[Start of Attachment]
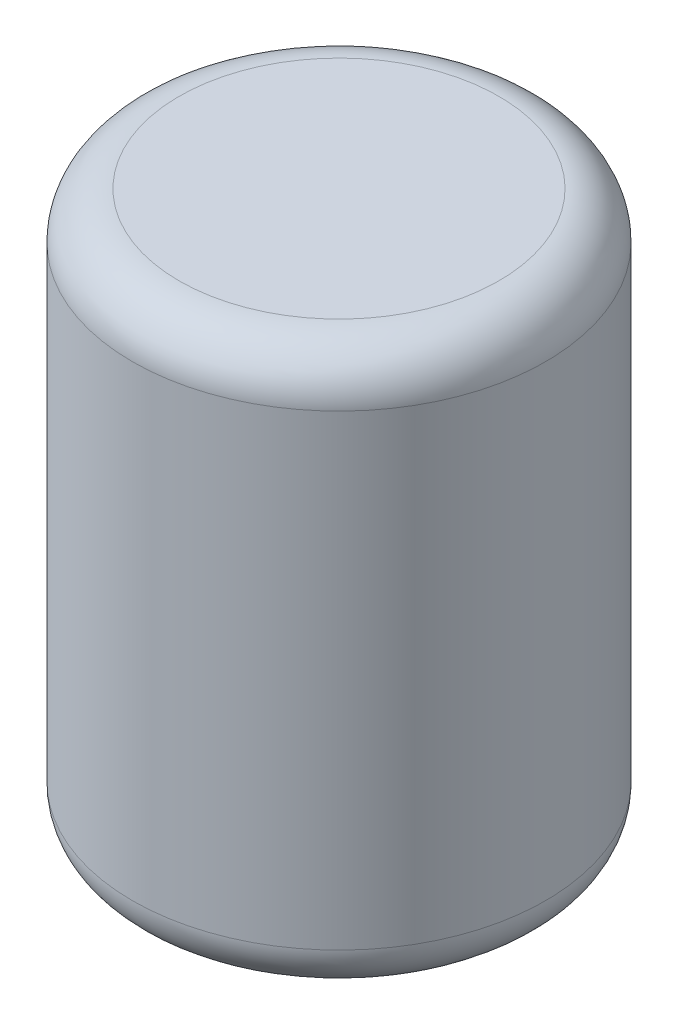
ISO-10303-21;
HEADER;
FILE_DESCRIPTION(('STEP AP214'),'2;1');
FILE_NAME('part.step','',(''),(''),'','','');
FILE_SCHEMA(('AUTOMOTIVE_DESIGN { 1 0 10303 214 1 1 1 1 }'));
ENDSEC;
DATA;
#1=APPLICATION_CONTEXT('core data for automotive mechanical design processes');
#2=APPLICATION_PROTOCOL_DEFINITION('international standard','automotive_design',2000,#1);
#3=PRODUCT_CONTEXT('',#1,'mechanical');
#4=PRODUCT('Part','Part','',(#3));
#5=PRODUCT_RELATED_PRODUCT_CATEGORY('part','',(#4));
#6=PRODUCT_DEFINITION_FORMATION('','',#4);
#7=PRODUCT_DEFINITION_CONTEXT('part definition',#1,'design');
#8=PRODUCT_DEFINITION('design','',#6,#7);
#9=PRODUCT_DEFINITION_SHAPE('','',#8);
#10=(LENGTH_UNIT() NAMED_UNIT(*) SI_UNIT(.MILLI.,.METRE.));
#11=(NAMED_UNIT(*) PLANE_ANGLE_UNIT() SI_UNIT($,.RADIAN.));
#12=(NAMED_UNIT(*) SI_UNIT($,.STERADIAN.) SOLID_ANGLE_UNIT());
#13=UNCERTAINTY_MEASURE_WITH_UNIT(LENGTH_MEASURE(1.E-05),#10,'distance_accuracy_value','');
#14=(GEOMETRIC_REPRESENTATION_CONTEXT(3) GLOBAL_UNCERTAINTY_ASSIGNED_CONTEXT((#13)) GLOBAL_UNIT_ASSIGNED_CONTEXT((#10,
#11,#12)) REPRESENTATION_CONTEXT('',''));
#15=CARTESIAN_POINT('',(0.,0.,0.));
#16=DIRECTION('',(0.,0.,1.));
#17=DIRECTION('',(1.,0.,0.));
#18=AXIS2_PLACEMENT_3D('',#15,#16,#17);
#19=CARTESIAN_POINT('',(0.,120.,0.));
#20=DIRECTION('',(0.,-1.,0.));
#21=DIRECTION('',(0.,0.,-1.));
#22=AXIS2_PLACEMENT_3D('',#19,#20,#21);
#23=CYLINDRICAL_SURFACE('',#22,44.25);
#24=CARTESIAN_POINT('',(0.,110.,0.));
#25=DIRECTION('',(0.,1.,0.));
#26=DIRECTION('',(0.,0.,1.));
#27=AXIS2_PLACEMENT_3D('',#24,#25,#26);
#28=CIRCLE('',#27,44.25);
#29=CARTESIAN_POINT('',(0.,110.,44.25));
#30=VERTEX_POINT('',#29);
#31=EDGE_CURVE('E38',#30,#30,#28,.F.);
#32=ORIENTED_EDGE('',*,*,#31,.T.);
#33=EDGE_LOOP('',(#32));
#34=FACE_BOUND('',#33,.T.);
#35=CARTESIAN_POINT('',(0.,9.99999999999998,0.));
#36=DIRECTION('',(0.,1.,0.));
#37=DIRECTION('',(0.,0.,1.));
#38=AXIS2_PLACEMENT_3D('',#35,#36,#37);
#39=CIRCLE('',#38,44.25);
#40=CARTESIAN_POINT('',(0.,9.99999999999998,44.25));
#41=VERTEX_POINT('',#40);
#42=EDGE_CURVE('E42',#41,#41,#39,.T.);
#43=ORIENTED_EDGE('',*,*,#42,.T.);
#44=EDGE_LOOP('',(#43));
#45=FACE_BOUND('',#44,.T.);
#46=ADVANCED_FACE('F31',(#34,#45),#23,.T.);
#47=CARTESIAN_POINT('',(0.,120.,0.));
#48=DIRECTION('',(0.,1.,0.));
#49=DIRECTION('',(0.,0.,1.));
#50=AXIS2_PLACEMENT_3D('',#47,#48,#49);
#51=PLANE('',#50);
#52=CARTESIAN_POINT('',(0.,120.,0.));
#53=DIRECTION('',(0.,1.,0.));
#54=DIRECTION('',(0.,0.,1.));
#55=AXIS2_PLACEMENT_3D('',#52,#53,#54);
#56=CIRCLE('',#55,34.25);
#57=CARTESIAN_POINT('',(0.,120.,34.25));
#58=VERTEX_POINT('',#57);
#59=EDGE_CURVE('E46',#58,#58,#56,.T.);
#60=ORIENTED_EDGE('',*,*,#59,.T.);
#61=EDGE_LOOP('',(#60));
#62=FACE_BOUND('',#61,.T.);
#63=ADVANCED_FACE('F52',(#62),#51,.T.);
#64=CARTESIAN_POINT('',(0.,0.,0.));
#65=DIRECTION('',(0.,1.,0.));
#66=DIRECTION('',(0.,0.,1.));
#67=AXIS2_PLACEMENT_3D('',#64,#65,#66);
#68=PLANE('',#67);
#69=CARTESIAN_POINT('',(0.,0.,0.));
#70=DIRECTION('',(0.,1.,0.));
#71=DIRECTION('',(0.,0.,1.));
#72=AXIS2_PLACEMENT_3D('',#69,#70,#71);
#73=CIRCLE('',#72,34.25);
#74=CARTESIAN_POINT('',(0.,0.,34.25));
#75=VERTEX_POINT('',#74);
#76=EDGE_CURVE('E10',#75,#75,#73,.F.);
#77=ORIENTED_EDGE('',*,*,#76,.T.);
#78=EDGE_LOOP('',(#77));
#79=FACE_BOUND('',#78,.T.);
#80=ADVANCED_FACE('F56',(#79),#68,.F.);
#81=CARTESIAN_POINT('',(0.,110.,0.));
#82=DIRECTION('',(0.,1.,0.));
#83=DIRECTION('',(0.,0.,1.));
#84=AXIS2_PLACEMENT_3D('',#81,#82,#83);
#85=TOROIDAL_SURFACE('',#84,34.25,10.);
#86=ORIENTED_EDGE('',*,*,#31,.F.);
#87=EDGE_LOOP('',(#86));
#88=FACE_BOUND('',#87,.T.);
#89=ORIENTED_EDGE('',*,*,#59,.F.);
#90=EDGE_LOOP('',(#89));
#91=FACE_BOUND('',#90,.T.);
#92=ADVANCED_FACE('F54',(#88,#91),#85,.T.);
#93=CARTESIAN_POINT('',(0.,9.99999999999999,0.));
#94=DIRECTION('',(0.,1.,0.));
#95=DIRECTION('',(0.,0.,1.));
#96=AXIS2_PLACEMENT_3D('',#93,#94,#95);
#97=TOROIDAL_SURFACE('',#96,34.25,10.);
#98=ORIENTED_EDGE('',*,*,#76,.F.);
#99=EDGE_LOOP('',(#98));
#100=FACE_BOUND('',#99,.T.);
#101=ORIENTED_EDGE('',*,*,#42,.F.);
#102=EDGE_LOOP('',(#101));
#103=FACE_BOUND('',#102,.T.);
#104=ADVANCED_FACE('F33',(#100,#103),#97,.T.);
#105=CLOSED_SHELL('',(#46,#63,#80,#92,#104));
#106=MANIFOLD_SOLID_BREP('B2',#105);
#107=ADVANCED_BREP_SHAPE_REPRESENTATION('',(#18,#106),#14);
#108=SHAPE_DEFINITION_REPRESENTATION(#9,#107);
ENDSEC;
END-ISO-10303-21;
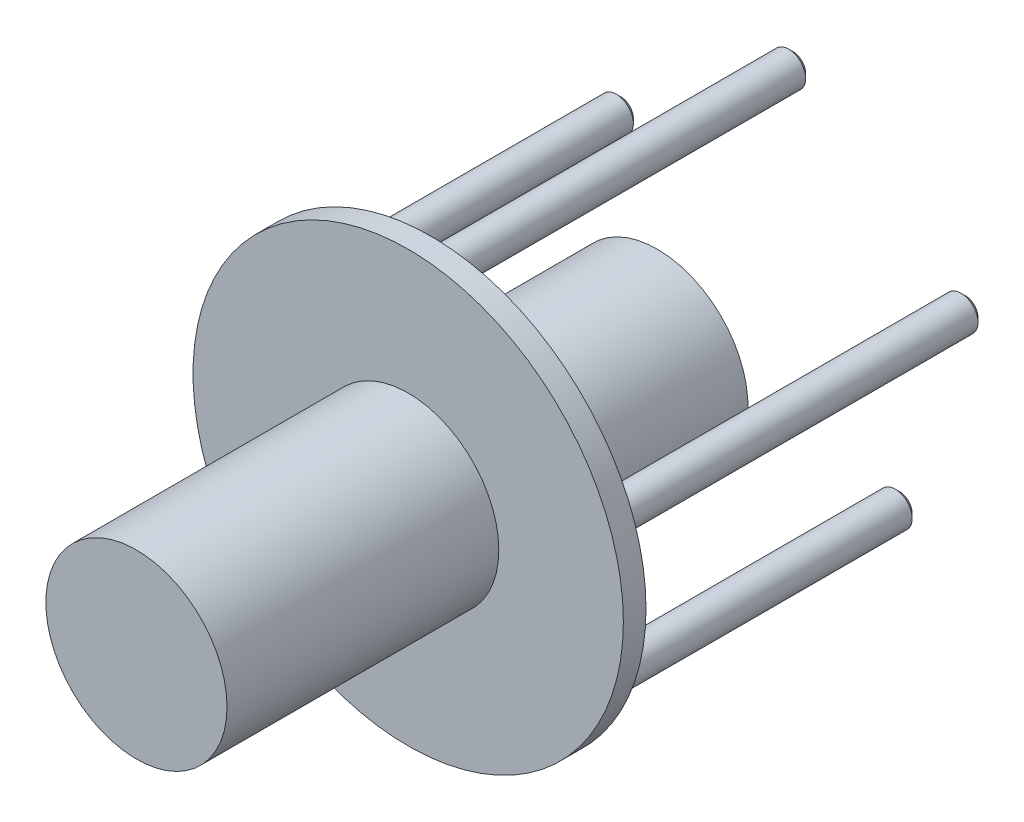
ISO-10303-21;
HEADER;
FILE_DESCRIPTION(('STEP AP214'),'2;1');
FILE_NAME('part.step','',(''),(''),'','','');
FILE_SCHEMA(('AUTOMOTIVE_DESIGN { 1 0 10303 214 1 1 1 1 }'));
ENDSEC;
DATA;
#1=APPLICATION_CONTEXT('core data for automotive mechanical design processes');
#2=APPLICATION_PROTOCOL_DEFINITION('international standard','automotive_design',2000,#1);
#3=PRODUCT_CONTEXT('',#1,'mechanical');
#4=PRODUCT('Part','Part','',(#3));
#5=PRODUCT_RELATED_PRODUCT_CATEGORY('part','',(#4));
#6=PRODUCT_DEFINITION_FORMATION('','',#4);
#7=PRODUCT_DEFINITION_CONTEXT('part definition',#1,'design');
#8=PRODUCT_DEFINITION('design','',#6,#7);
#9=PRODUCT_DEFINITION_SHAPE('','',#8);
#10=(LENGTH_UNIT() NAMED_UNIT(*) SI_UNIT(.MILLI.,.METRE.));
#11=(NAMED_UNIT(*) PLANE_ANGLE_UNIT() SI_UNIT($,.RADIAN.));
#12=(NAMED_UNIT(*) SI_UNIT($,.STERADIAN.) SOLID_ANGLE_UNIT());
#13=UNCERTAINTY_MEASURE_WITH_UNIT(LENGTH_MEASURE(1.E-05),#10,'distance_accuracy_value','');
#14=(GEOMETRIC_REPRESENTATION_CONTEXT(3) GLOBAL_UNCERTAINTY_ASSIGNED_CONTEXT((#13)) GLOBAL_UNIT_ASSIGNED_CONTEXT((#10,
#11,#12)) REPRESENTATION_CONTEXT('',''));
#15=CARTESIAN_POINT('',(0.,0.,0.));
#16=DIRECTION('',(0.,0.,1.));
#17=DIRECTION('',(1.,0.,0.));
#18=AXIS2_PLACEMENT_3D('',#15,#16,#17);
#19=CARTESIAN_POINT('',(-60.5619424894726,11.2111120565077,57.15));
#20=DIRECTION('',(0.,0.,-1.));
#21=DIRECTION('',(-1.,0.,0.));
#22=AXIS2_PLACEMENT_3D('',#19,#20,#21);
#23=CYLINDRICAL_SURFACE('',#22,25.4000000000001);
#24=CARTESIAN_POINT('',(-60.5619424894726,11.2111120565077,57.15));
#25=DIRECTION('',(0.,0.,1.));
#26=DIRECTION('',(1.,0.,0.));
#27=AXIS2_PLACEMENT_3D('',#24,#25,#26);
#28=CIRCLE('',#27,25.4000000000001);
#29=CARTESIAN_POINT('',(-35.1619424894725,11.2111120565077,57.15));
#30=VERTEX_POINT('',#29);
#31=EDGE_CURVE('E53',#30,#30,#28,.T.);
#32=ORIENTED_EDGE('',*,*,#31,.F.);
#33=EDGE_LOOP('',(#32));
#34=FACE_BOUND('',#33,.T.);
#35=CARTESIAN_POINT('',(-60.5619424894727,11.2111120565077,-6.34999999999997));
#36=DIRECTION('',(0.,0.,-1.));
#37=DIRECTION('',(-1.,0.,0.));
#38=AXIS2_PLACEMENT_3D('',#35,#36,#37);
#39=CIRCLE('',#38,25.4000000000001);
#40=CARTESIAN_POINT('',(-85.9619424894728,11.2111120565077,-6.34999999999997));
#41=VERTEX_POINT('',#40);
#42=EDGE_CURVE('E46',#41,#41,#39,.T.);
#43=ORIENTED_EDGE('',*,*,#42,.F.);
#44=EDGE_LOOP('',(#43));
#45=FACE_BOUND('',#44,.T.);
#46=ADVANCED_FACE('F30',(#34,#45),#23,.T.);
#47=CARTESIAN_POINT('',(-60.5619424894726,11.2111120565077,63.5));
#48=DIRECTION('',(0.,0.,-1.));
#49=DIRECTION('',(-1.,0.,0.));
#50=AXIS2_PLACEMENT_3D('',#47,#48,#49);
#51=CYLINDRICAL_SURFACE('',#50,60.325);
#52=CARTESIAN_POINT('',(-60.5619424894726,11.2111120565077,63.5));
#53=DIRECTION('',(0.,0.,1.));
#54=DIRECTION('',(1.,0.,0.));
#55=AXIS2_PLACEMENT_3D('',#52,#53,#54);
#56=CIRCLE('',#55,60.325);
#57=CARTESIAN_POINT('',(-0.236942489472633,11.2111120565077,63.5));
#58=VERTEX_POINT('',#57);
#59=EDGE_CURVE('E50',#58,#58,#56,.T.);
#60=ORIENTED_EDGE('',*,*,#59,.F.);
#61=EDGE_LOOP('',(#60));
#62=FACE_BOUND('',#61,.T.);
#63=CARTESIAN_POINT('',(-60.5619424894726,11.2111120565077,57.15));
#64=DIRECTION('',(0.,0.,1.));
#65=DIRECTION('',(1.,0.,0.));
#66=AXIS2_PLACEMENT_3D('',#63,#64,#65);
#67=CIRCLE('',#66,60.325);
#68=CARTESIAN_POINT('',(-0.236942489472633,11.2111120565077,57.15));
#69=VERTEX_POINT('',#68);
#70=EDGE_CURVE('E49',#69,#69,#67,.T.);
#71=ORIENTED_EDGE('',*,*,#70,.T.);
#72=EDGE_LOOP('',(#71));
#73=FACE_BOUND('',#72,.T.);
#74=ADVANCED_FACE('F116',(#62,#73),#51,.T.);
#75=CARTESIAN_POINT('',(-60.5619424894726,11.2111120565077,63.5));
#76=DIRECTION('',(0.,0.,1.));
#77=DIRECTION('',(1.,0.,0.));
#78=AXIS2_PLACEMENT_3D('',#75,#76,#77);
#79=PLANE('',#78);
#80=CARTESIAN_POINT('',(-60.5619424894726,11.2111120565077,63.5));
#81=DIRECTION('',(0.,0.,1.));
#82=DIRECTION('',(1.,0.,0.));
#83=AXIS2_PLACEMENT_3D('',#80,#81,#82);
#84=CIRCLE('',#83,25.4);
#85=CARTESIAN_POINT('',(-35.1619424894726,11.2111120565077,63.5));
#86=VERTEX_POINT('',#85);
#87=EDGE_CURVE('E10',#86,#86,#84,.T.);
#88=ORIENTED_EDGE('',*,*,#87,.F.);
#89=EDGE_LOOP('',(#88));
#90=FACE_BOUND('',#89,.T.);
#91=ORIENTED_EDGE('',*,*,#59,.T.);
#92=EDGE_LOOP('',(#91));
#93=FACE_BOUND('',#92,.T.);
#94=ADVANCED_FACE('F122',(#90,#93),#79,.T.);
#95=CARTESIAN_POINT('',(-60.5619424894726,11.2111120565077,57.15));
#96=DIRECTION('',(0.,0.,1.));
#97=DIRECTION('',(1.,0.,0.));
#98=AXIS2_PLACEMENT_3D('',#95,#96,#97);
#99=PLANE('',#98);
#100=CARTESIAN_POINT('',(-30.7024516730179,-29.8869512577429,57.15));
#101=DIRECTION('',(0.,0.,1.));
#102=DIRECTION('',(1.,0.,0.));
#103=AXIS2_PLACEMENT_3D('',#100,#101,#102);
#104=CIRCLE('',#103,4.7625);
#105=CARTESIAN_POINT('',(-25.9399516730179,-29.8869512577429,57.15));
#106=VERTEX_POINT('',#105);
#107=EDGE_CURVE('E70',#106,#106,#104,.F.);
#108=ORIENTED_EDGE('',*,*,#107,.F.);
#109=EDGE_LOOP('',(#108));
#110=FACE_BOUND('',#109,.T.);
#111=CARTESIAN_POINT('',(-90.4214333059346,-29.8869512577408,57.15));
#112=DIRECTION('',(0.,0.,1.));
#113=DIRECTION('',(1.,0.,0.));
#114=AXIS2_PLACEMENT_3D('',#111,#112,#113);
#115=CIRCLE('',#114,4.76250000000001);
#116=CARTESIAN_POINT('',(-85.6589333059346,-29.8869512577408,57.15));
#117=VERTEX_POINT('',#116);
#118=EDGE_CURVE('E67',#117,#117,#115,.F.);
#119=ORIENTED_EDGE('',*,*,#118,.F.);
#120=EDGE_LOOP('',(#119));
#121=FACE_BOUND('',#120,.T.);
#122=CARTESIAN_POINT('',(-108.875613517269,26.9091753707559,57.15));
#123=DIRECTION('',(0.,0.,1.));
#124=DIRECTION('',(1.,0.,0.));
#125=AXIS2_PLACEMENT_3D('',#122,#123,#124);
#126=CIRCLE('',#125,4.76250000000002);
#127=CARTESIAN_POINT('',(-104.113113517269,26.9091753707559,57.15));
#128=VERTEX_POINT('',#127);
#129=EDGE_CURVE('E64',#128,#128,#126,.F.);
#130=ORIENTED_EDGE('',*,*,#129,.F.);
#131=EDGE_LOOP('',(#130));
#132=FACE_BOUND('',#131,.T.);
#133=CARTESIAN_POINT('',(-60.5619424894726,62.0111120565074,57.15));
#134=DIRECTION('',(0.,0.,1.));
#135=DIRECTION('',(1.,0.,0.));
#136=AXIS2_PLACEMENT_3D('',#133,#134,#135);
#137=CIRCLE('',#136,4.76249999999999);
#138=CARTESIAN_POINT('',(-55.7994424894726,62.0111120565074,57.15));
#139=VERTEX_POINT('',#138);
#140=EDGE_CURVE('E61',#139,#139,#137,.F.);
#141=ORIENTED_EDGE('',*,*,#140,.F.);
#142=EDGE_LOOP('',(#141));
#143=FACE_BOUND('',#142,.T.);
#144=CARTESIAN_POINT('',(-12.2482714616794,26.9091753707524,57.15));
#145=DIRECTION('',(0.,0.,1.));
#146=DIRECTION('',(1.,0.,0.));
#147=AXIS2_PLACEMENT_3D('',#144,#145,#146);
#148=CIRCLE('',#147,4.7625);
#149=CARTESIAN_POINT('',(-7.48577146167936,26.9091753707524,57.15));
#150=VERTEX_POINT('',#149);
#151=EDGE_CURVE('E58',#150,#150,#148,.F.);
#152=ORIENTED_EDGE('',*,*,#151,.F.);
#153=EDGE_LOOP('',(#152));
#154=FACE_BOUND('',#153,.T.);
#155=ORIENTED_EDGE('',*,*,#31,.T.);
#156=EDGE_LOOP('',(#155));
#157=FACE_BOUND('',#156,.T.);
#158=ORIENTED_EDGE('',*,*,#70,.F.);
#159=EDGE_LOOP('',(#158));
#160=FACE_BOUND('',#159,.T.);
#161=ADVANCED_FACE('F183',(#110,#121,#132,#143,#154,#157,#160),#99,.F.);
#162=CARTESIAN_POINT('',(-12.2482714616794,26.9091753707524,57.15));
#163=DIRECTION('',(0.,0.,-1.));
#164=DIRECTION('',(-1.,0.,0.));
#165=AXIS2_PLACEMENT_3D('',#162,#163,#164);
#166=CYLINDRICAL_SURFACE('',#165,4.7625);
#167=CARTESIAN_POINT('',(-12.2482714616794,26.9091753707524,-43.18));
#168=DIRECTION('',(0.,0.,-1.));
#169=DIRECTION('',(-1.,0.,0.));
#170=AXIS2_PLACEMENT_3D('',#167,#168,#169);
[End of Attachment]
• _What is expected_
Beginning with the line that has "#59=EDGE_CURVE('E46',#58,#58,#56,.T.);" and ending with the line that has "#69=CARTESIAN_POINT('',(0.,0.,0.));", set down the lines above exactly and include no others.

• _Result for this exercise_
#59=EDGE_CURVE('E46',#58,#58,#56,.T.);
#60=ORIENTED_EDGE('',*,*,#59,.T.);
#61=EDGE_LOOP('',(#60));
#62=FACE_BOUND('',#61,.T.);
#63=ADVANCED_FACE('F52',(#62),#51,.T.);
#64=CARTESIAN_POINT('',(0.,0.,0.));
#65=DIRECTION('',(0.,1.,0.));
#66=DIRECTION('',(0.,0.,1.));
#67=AXIS2_PLACEMENT_3D('',#64,#65,#66);
#68=PLANE('',#67);
#69=CARTESIAN_POINT('',(0.,0.,0.));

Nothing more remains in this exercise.